ABSTRACT

Nina Mühlemann focuses on experiences of disabled parenthood, and particularly motherhood, as they are constantly erased, partially because they run counter to common preconceptions around care, which always cast disabled people as receivers of care, not givers. In a 2019 theatre performance of the collective Future Clinic for Critical Care entitled “MOTHER,” the collective tried to address the gendered, abled and heteronormative expectations the term “mother” holds and to make space for forms of mothering that live outside of these expectations. This chapter deals with the fraught intersection of motherhood, time and disability dealing with those intersections and the erasure of crip temporalities in relation to mothering on a personal level.
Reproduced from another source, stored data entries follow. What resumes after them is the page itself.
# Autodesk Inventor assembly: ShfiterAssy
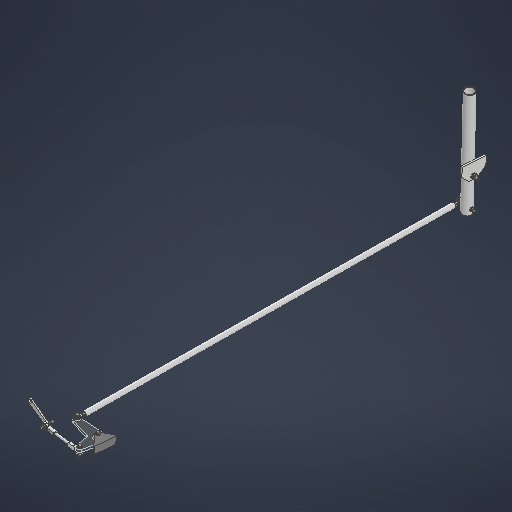
[picture p0: Inventor's stored thumbnail of the model, 512x512]
Saved by Autodesk Inventor 2026.2 (Build 302298010, 298A)
## iProperties
Created: 2026-07-07
Part Number: ShfiterAssy
Document SubType Name: Assembly
Designer: tasle
Author: tasle
## Documents named in this file (18)
- C:\Users\tasle\Documents\PersonalProjects\FSAE\GOGO_FSAE_CAD\Shifter\ShfiterAssy.iam
- C:\Users\tasle\Documents\PersonalProjects\FSAE\GOGO_FSAE_CAD\Shifter\crank.ipt
- C:\Users\tasle\Documents\PersonalProjects\FSAE\GOGO_FSAE_CAD\Shifter\59935K71_Ball Joint Rod End\59935K71_Ball Joint Rod End\59935K71_Ball Joint Rod End.ipt
- C:\Users\tasle\Documents\PersonalProjects\FSAE\GOGO_FSAE_CAD\Shifter\threadedtubeshort.ipt
- C:\Users\tasle\Documents\Inventor\Content Center Files\R2026\en-US\ISO 4162\ISO 4162 - M5 x 25.ipt
- C:\Users\tasle\Documents\Inventor\Content Center Files\R2026\en-US\ISO 4161\ISO 4161 - M5(1).ipt
- C:\Users\tasle\Documents\PersonalProjects\FSAE\GOGO_FSAE_CAD\Shifter\ShifterBracket.ipt
- C:\Users\tasle\Documents\PersonalProjects\FSAE\GOGO_FSAE_CAD\Shifter\BellCrank.ipt
- C:\Users\tasle\Documents\PersonalProjects\FSAE\GOGO_FSAE_CAD\Shifter\Bearing.ipt
- C:\Users\tasle\Documents\PersonalProjects\FSAE\GOGO_FSAE_CAD\Shifter\spacer.ipt
- C:\Users\tasle\Documents\PersonalProjects\FSAE\GOGO_FSAE_CAD\Shifter\6045N121_Low-Carbon Steel Round Tube\6045N121_Low-Carbon Steel Round Tube\6045N121_Low-Carbon Steel Round Tube.ipt
- C:\Users\tasle\Documents\PersonalProjects\FSAE\GOGO_FSAE_CAD\Shifter\59935K81_Ball Joint Rod End\59935K81_Ball Joint Rod End\59935K81_Ball Joint Rod End.ipt
- C:\Users\tasle\Documents\Inventor\Content Center Files\R2026\en-US\ISO 4032(2)\ISO 4032 - M5 - ISO.ipt
- C:\Users\tasle\Documents\PersonalProjects\FSAE\GOGO_FSAE_CAD\Shifter\stickplate.ipt
- C:\Users\tasle\Documents\PersonalProjects\FSAE\GOGO_FSAE_CAD\Shifter\stickshift.ipt
- C:\Users\tasle\Documents\Inventor\Content Center Files\R2026\en-US\ISO 4162\ISO 4162 - M5 x 45.ipt
- C:\Users\tasle\Documents\Inventor\Content Center Files\R2026\en-US\ISO 4162\ISO 4162 - M6 x 40.ipt
- C:\Users\tasle\Documents\Inventor\Content Center Files\R2026\en-US\ISO 4161\ISO 4161 - M6(1).ipt
## Components (28 placed, 17 different names)
1. crank:1 — Rotational:1, Rotational:5
2. 59935K71_Ball Joint Rod End:1 — Rotational:1, Rotational:2, Rotational:4
3. 59935K71_Ball Joint Rod End:2 — Rotational:3, Rotational:10, Rotational:12
4. threadedtubeshort:1 — Rotational:2, Rotational:3
5. ISO 4162 M5 x 25:1 — Rotational:4
6. ISO 4162 M5 x 25:2 — Rotational:11
7. ISO 4161 M5:1 — Rotational:5
8. ISO 4161 M5:3 — Rotational:12
9. ShifterBracket:1 — Rotational:9, Rotational:18, Rotational:19
10. BellCrank:1 — Rotational:6, Rotational:10, Rotational:11, Rotational:15, Rotational:17
11. Bearing:1 — Rotational:6, Rotational:7, Rotational:8
12. spacer:1 — Rotational:8
13. spacer:2 — Rotational:7, Rotational:9
14. 6045N121_Low-Carbon Steel Round Tube:1 — Rigid:1, Rigid:2
15. 59935K81_Ball Joint Rod End:1 — Rotational:14, Rotational:15, Rotational:16
16. 59935K81_Ball Joint Rod End:2 — Rotational:13, Rotational:21, Rotational:23
17. ISO 4032 M5:1 — Rigid:1, Rotational:14
18. ISO 4032 M5:2 — Rigid:2, Rotational:13
19. ISO 4162 M5 x 25:3 — Rotational:16
20. ISO 4161 M5:4 — Rotational:17
21. ISO 4162 M5 x 25:4 — Rotational:18
22. ISO 4161 M5:5 — Rotational:19
23. stickplate:1 — Rotational:20, Rotational:22
24. stickshift:1 — Rotational:20, Rotational:21, Rigid:3, Rigid:4
25. ISO 4162 M5 x 45:1 — Rotational:23
26. ISO 4162 M6 x 40:1 — Rigid:3
27. ISO 4161 M5:6 — Rigid:4
28. ISO 4161 M6:1 — Rotational:22
## Relationships (27: RevoluteJoint 23, WeldJoint 4)
- Rotational:1 [RevoluteJoint]: crank:1 ↔ 59935K71_Ball Joint Rod End:1
- Rotational:2 [RevoluteJoint]: 59935K71_Ball Joint Rod End:1 ↔ threadedtubeshort:1
- Rotational:3 [RevoluteJoint]: 59935K71_Ball Joint Rod End:2 ↔ threadedtubeshort:1
- Rotational:4 [RevoluteJoint]: 59935K71_Ball Joint Rod End:1 ↔ ISO 4162 M5 x 25:1
- Rotational:5 [RevoluteJoint]: crank:1 ↔ ISO 4161 M5:1
- Rotational:6 [RevoluteJoint]: BellCrank:1 ↔ Bearing:1
- Rotational:7 [RevoluteJoint]: Bearing:1 ↔ spacer:2
- Rotational:8 [RevoluteJoint]: Bearing:1 ↔ spacer:1
- Rotational:9 [RevoluteJoint]: ShifterBracket:1 ↔ spacer:2
- Rotational:10 [RevoluteJoint]: 59935K71_Ball Joint Rod End:2 ↔ BellCrank:1
- Rotational:11 [RevoluteJoint]: ISO 4162 M5 x 25:2 ↔ BellCrank:1
- Rotational:12 [RevoluteJoint]: 59935K71_Ball Joint Rod End:2 ↔ ISO 4161 M5:3
- Rigid:1 [WeldJoint]: 6045N121_Low-Carbon Steel Round Tube:1 ↔ ISO 4032 M5:1
- Rigid:2 [WeldJoint]: 6045N121_Low-Carbon Steel Round Tube:1 ↔ ISO 4032 M5:2
- Rotational:13 [RevoluteJoint]: 59935K81_Ball Joint Rod End:2 ↔ ISO 4032 M5:2
- Rotational:14 [RevoluteJoint]: 59935K81_Ball Joint Rod End:1 ↔ ISO 4032 M5:1
- Rotational:15 [RevoluteJoint]: BellCrank:1 ↔ 59935K81_Ball Joint Rod End:1
- Rotational:16 [RevoluteJoint]: 59935K81_Ball Joint Rod End:1 ↔ ISO 4162 M5 x 25:3
- Rotational:17 [RevoluteJoint]: BellCrank:1 ↔ ISO 4161 M5:4
- Rotational:18 [RevoluteJoint]: ShifterBracket:1 ↔ ISO 4162 M5 x 25:4
- Rotational:19 [RevoluteJoint]: ShifterBracket:1 ↔ ISO 4161 M5:5
- Rotational:20 [RevoluteJoint]: stickplate:1 ↔ stickshift:1
- Rotational:21 [RevoluteJoint]: 59935K81_Ball Joint Rod End:2 ↔ stickshift:1
- Rigid:3 [WeldJoint]: stickshift:1 ↔ ISO 4162 M6 x 40:1
- Rotational:22 [RevoluteJoint]: stickplate:1 ↔ ISO 4161 M6:1
- Rotational:23 [RevoluteJoint]: 59935K81_Ball Joint Rod End:2 ↔ ISO 4162 M5 x 45:1
- Rigid:4 [WeldJoint] (-2 mm): stickshift:1 ↔ ISO 4161 M5:6

The intersection of motherhood, time and disability is fraught with well-intended statements by nondisabled parents: “I understand how you feel as a disabled person, now that I am a parent everything takes longer for me too, because getting around with a baby is hard.” Just like every other parent in history I completely understand that sentiment, but it is not the same as my lived experience as a disabled person. In a few years, your baby will most likely be able to walk, and after a little while you will have forgotten how long it took you to get out of the house, or how few step free tram stops there are, or that these experiences should possibly inform your political choices. And on top of that, these statements erase the experiences of disabled parents, who have to deal with a world that can be hostile towards people, especially women and those read as women, with small children and a world that regularly and systemically excludes disabled bodyminds.